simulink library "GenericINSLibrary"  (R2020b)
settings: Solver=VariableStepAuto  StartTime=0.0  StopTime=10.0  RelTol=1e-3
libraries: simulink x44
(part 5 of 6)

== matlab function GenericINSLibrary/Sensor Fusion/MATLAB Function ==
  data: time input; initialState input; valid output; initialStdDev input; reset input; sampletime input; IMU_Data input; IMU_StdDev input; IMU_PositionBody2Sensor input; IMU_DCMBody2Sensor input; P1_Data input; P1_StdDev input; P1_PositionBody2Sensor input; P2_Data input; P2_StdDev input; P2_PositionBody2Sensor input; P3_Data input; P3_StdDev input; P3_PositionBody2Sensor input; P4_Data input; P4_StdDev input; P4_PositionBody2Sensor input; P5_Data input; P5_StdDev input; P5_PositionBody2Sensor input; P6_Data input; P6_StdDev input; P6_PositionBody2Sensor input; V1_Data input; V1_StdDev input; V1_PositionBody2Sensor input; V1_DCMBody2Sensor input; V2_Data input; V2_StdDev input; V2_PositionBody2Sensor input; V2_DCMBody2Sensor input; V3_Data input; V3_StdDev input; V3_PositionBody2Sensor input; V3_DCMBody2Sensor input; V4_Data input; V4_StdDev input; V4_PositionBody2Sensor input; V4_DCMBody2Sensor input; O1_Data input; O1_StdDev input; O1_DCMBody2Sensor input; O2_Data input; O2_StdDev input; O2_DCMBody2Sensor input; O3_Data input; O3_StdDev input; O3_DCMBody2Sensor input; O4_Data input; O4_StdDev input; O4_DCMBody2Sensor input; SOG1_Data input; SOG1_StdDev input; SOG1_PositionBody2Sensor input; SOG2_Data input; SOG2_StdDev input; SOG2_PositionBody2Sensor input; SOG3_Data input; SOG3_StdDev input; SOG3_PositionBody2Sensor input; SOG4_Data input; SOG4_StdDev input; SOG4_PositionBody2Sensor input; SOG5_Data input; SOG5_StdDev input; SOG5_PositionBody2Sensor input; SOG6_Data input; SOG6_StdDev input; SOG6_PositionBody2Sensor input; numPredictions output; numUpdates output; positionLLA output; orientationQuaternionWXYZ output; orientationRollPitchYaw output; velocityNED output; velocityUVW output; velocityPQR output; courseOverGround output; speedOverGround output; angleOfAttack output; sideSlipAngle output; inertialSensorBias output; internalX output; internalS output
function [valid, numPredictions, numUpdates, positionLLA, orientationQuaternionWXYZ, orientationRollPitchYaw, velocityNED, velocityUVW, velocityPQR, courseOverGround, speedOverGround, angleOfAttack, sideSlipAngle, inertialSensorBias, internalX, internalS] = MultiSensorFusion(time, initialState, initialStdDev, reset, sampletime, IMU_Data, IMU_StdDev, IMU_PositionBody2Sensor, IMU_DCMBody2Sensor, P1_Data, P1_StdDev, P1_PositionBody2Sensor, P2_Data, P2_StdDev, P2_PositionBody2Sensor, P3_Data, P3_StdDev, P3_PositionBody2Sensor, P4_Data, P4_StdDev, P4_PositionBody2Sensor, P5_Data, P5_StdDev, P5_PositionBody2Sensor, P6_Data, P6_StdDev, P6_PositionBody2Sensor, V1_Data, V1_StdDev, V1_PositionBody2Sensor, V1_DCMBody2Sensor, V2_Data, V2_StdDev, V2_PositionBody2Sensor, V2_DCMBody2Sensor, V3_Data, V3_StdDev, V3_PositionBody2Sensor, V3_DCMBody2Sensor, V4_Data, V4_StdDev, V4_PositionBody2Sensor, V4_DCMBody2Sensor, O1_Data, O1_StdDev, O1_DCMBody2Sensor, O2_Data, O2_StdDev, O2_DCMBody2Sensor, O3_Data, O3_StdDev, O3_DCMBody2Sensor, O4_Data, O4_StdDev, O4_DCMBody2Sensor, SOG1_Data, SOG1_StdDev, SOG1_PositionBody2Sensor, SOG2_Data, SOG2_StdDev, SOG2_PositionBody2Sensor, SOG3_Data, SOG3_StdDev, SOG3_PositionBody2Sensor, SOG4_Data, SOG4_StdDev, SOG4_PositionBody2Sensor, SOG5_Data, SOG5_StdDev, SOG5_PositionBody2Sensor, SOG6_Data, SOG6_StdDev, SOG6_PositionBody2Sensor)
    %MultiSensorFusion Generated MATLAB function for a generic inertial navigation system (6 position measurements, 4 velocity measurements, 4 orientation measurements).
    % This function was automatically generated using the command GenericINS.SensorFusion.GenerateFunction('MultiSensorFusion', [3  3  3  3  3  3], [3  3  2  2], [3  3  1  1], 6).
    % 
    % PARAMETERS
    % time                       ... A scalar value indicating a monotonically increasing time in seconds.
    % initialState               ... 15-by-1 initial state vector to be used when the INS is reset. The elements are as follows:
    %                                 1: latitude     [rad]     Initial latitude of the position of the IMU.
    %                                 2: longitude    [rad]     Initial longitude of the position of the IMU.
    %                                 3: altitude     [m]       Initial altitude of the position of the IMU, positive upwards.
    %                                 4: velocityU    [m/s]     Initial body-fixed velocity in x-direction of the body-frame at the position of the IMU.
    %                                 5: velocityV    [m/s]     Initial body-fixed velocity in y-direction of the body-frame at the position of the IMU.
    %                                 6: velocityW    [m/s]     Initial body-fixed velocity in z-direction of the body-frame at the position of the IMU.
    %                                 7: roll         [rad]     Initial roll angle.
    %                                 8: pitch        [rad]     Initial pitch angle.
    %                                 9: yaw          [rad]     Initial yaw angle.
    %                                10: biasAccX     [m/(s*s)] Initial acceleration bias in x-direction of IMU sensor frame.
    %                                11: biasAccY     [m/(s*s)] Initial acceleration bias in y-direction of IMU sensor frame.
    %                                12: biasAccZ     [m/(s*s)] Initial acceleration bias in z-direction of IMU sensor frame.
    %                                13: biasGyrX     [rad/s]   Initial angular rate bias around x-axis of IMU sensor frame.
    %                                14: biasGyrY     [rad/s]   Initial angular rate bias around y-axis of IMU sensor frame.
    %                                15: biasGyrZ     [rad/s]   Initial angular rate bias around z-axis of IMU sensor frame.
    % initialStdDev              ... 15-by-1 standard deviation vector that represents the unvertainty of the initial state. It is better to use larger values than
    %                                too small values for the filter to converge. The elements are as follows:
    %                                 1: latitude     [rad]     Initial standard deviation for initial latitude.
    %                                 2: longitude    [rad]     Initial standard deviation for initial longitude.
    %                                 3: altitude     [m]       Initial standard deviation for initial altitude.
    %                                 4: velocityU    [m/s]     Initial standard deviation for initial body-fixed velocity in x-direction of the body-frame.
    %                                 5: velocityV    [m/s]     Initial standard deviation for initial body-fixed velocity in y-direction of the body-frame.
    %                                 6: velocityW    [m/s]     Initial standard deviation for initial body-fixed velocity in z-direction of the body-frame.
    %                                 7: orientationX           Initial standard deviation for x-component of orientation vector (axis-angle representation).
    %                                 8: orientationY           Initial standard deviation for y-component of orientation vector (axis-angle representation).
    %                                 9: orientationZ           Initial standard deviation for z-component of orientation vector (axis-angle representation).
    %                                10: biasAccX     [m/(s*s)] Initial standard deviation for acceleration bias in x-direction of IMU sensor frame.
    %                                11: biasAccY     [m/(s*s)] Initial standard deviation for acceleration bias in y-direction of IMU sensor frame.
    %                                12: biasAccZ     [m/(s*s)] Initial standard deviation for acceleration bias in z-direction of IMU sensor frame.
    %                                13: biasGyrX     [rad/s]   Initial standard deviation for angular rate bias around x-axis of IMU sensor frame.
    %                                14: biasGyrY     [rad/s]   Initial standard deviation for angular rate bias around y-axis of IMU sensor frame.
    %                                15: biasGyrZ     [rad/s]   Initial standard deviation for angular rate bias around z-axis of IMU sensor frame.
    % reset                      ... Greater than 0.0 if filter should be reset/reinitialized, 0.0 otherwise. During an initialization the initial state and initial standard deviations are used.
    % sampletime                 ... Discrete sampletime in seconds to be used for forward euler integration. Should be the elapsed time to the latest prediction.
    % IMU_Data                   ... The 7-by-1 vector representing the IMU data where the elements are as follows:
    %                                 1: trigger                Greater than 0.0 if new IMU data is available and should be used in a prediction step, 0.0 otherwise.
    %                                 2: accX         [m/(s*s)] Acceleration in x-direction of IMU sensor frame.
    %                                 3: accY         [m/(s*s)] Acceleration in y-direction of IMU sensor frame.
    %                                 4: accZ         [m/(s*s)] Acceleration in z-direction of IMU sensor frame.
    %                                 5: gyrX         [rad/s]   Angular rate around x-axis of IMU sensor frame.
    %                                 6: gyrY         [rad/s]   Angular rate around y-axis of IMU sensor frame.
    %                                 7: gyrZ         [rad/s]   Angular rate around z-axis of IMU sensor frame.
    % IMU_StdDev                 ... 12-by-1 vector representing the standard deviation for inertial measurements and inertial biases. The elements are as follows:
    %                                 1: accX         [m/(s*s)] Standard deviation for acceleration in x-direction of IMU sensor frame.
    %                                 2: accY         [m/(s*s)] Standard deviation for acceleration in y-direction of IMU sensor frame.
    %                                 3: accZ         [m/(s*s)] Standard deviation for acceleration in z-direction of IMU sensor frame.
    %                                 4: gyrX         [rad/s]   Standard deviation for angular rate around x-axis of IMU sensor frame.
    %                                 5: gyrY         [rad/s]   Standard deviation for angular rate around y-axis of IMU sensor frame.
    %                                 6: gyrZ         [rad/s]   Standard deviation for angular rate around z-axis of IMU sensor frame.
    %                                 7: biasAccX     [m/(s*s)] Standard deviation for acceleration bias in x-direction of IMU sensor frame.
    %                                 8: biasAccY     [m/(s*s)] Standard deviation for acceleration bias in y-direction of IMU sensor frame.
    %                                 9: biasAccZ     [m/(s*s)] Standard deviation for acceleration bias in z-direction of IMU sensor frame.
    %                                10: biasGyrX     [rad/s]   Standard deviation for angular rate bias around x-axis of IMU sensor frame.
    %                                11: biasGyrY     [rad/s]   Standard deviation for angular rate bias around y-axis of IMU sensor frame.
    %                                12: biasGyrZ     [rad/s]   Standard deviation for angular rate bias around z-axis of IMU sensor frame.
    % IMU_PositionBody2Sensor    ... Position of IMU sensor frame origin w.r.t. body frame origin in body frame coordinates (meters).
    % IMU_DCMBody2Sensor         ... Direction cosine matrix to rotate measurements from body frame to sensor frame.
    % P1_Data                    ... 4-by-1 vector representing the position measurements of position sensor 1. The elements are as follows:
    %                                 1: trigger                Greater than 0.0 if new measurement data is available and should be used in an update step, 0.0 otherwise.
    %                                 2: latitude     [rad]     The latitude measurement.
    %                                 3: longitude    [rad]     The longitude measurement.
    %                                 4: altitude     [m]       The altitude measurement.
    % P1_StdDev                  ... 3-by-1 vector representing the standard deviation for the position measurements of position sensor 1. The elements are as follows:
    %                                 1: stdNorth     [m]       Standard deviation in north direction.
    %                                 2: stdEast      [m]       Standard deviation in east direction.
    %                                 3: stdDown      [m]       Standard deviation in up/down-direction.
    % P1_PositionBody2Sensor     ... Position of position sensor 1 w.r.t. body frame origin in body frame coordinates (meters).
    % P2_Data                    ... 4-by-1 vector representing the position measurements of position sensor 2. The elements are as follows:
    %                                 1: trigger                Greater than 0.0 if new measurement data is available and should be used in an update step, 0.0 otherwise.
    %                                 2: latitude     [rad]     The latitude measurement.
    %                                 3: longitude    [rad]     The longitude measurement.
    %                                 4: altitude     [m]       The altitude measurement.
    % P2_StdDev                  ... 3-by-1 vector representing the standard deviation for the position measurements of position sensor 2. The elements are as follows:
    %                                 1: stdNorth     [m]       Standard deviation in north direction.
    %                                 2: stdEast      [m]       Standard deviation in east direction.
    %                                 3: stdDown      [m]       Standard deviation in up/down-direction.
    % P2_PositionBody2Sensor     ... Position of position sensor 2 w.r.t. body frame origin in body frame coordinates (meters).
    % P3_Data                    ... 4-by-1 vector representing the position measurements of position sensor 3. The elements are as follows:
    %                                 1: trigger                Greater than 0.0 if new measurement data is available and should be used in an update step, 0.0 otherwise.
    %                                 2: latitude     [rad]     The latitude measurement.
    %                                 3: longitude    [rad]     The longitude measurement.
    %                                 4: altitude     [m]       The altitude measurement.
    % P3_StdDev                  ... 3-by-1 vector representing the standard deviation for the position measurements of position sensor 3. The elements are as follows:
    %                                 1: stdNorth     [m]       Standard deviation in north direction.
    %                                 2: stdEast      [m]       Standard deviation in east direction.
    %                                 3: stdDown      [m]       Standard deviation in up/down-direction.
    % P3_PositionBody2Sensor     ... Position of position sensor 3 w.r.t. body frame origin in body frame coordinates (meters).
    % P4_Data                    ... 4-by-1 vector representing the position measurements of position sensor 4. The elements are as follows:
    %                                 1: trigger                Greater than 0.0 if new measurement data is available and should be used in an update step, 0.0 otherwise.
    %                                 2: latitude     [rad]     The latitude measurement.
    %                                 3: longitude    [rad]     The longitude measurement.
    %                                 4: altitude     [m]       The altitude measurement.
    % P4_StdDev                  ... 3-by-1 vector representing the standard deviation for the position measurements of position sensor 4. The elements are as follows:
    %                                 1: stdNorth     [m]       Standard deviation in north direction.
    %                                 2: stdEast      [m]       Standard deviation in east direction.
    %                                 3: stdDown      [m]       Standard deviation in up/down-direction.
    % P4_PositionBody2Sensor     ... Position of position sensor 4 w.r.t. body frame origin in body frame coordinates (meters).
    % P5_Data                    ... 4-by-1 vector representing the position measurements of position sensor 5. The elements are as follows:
--------------------------------
**Exercise:**
Gather up every line from the listing above in which the word "seconds" occurs.

**The completed task:**
    % time                       ... A scalar value indicating a monotonically increasing time in seconds.
    % sampletime                 ... Discrete sampletime in seconds to be used for forward euler integration. Should be the elapsed time to the latest prediction.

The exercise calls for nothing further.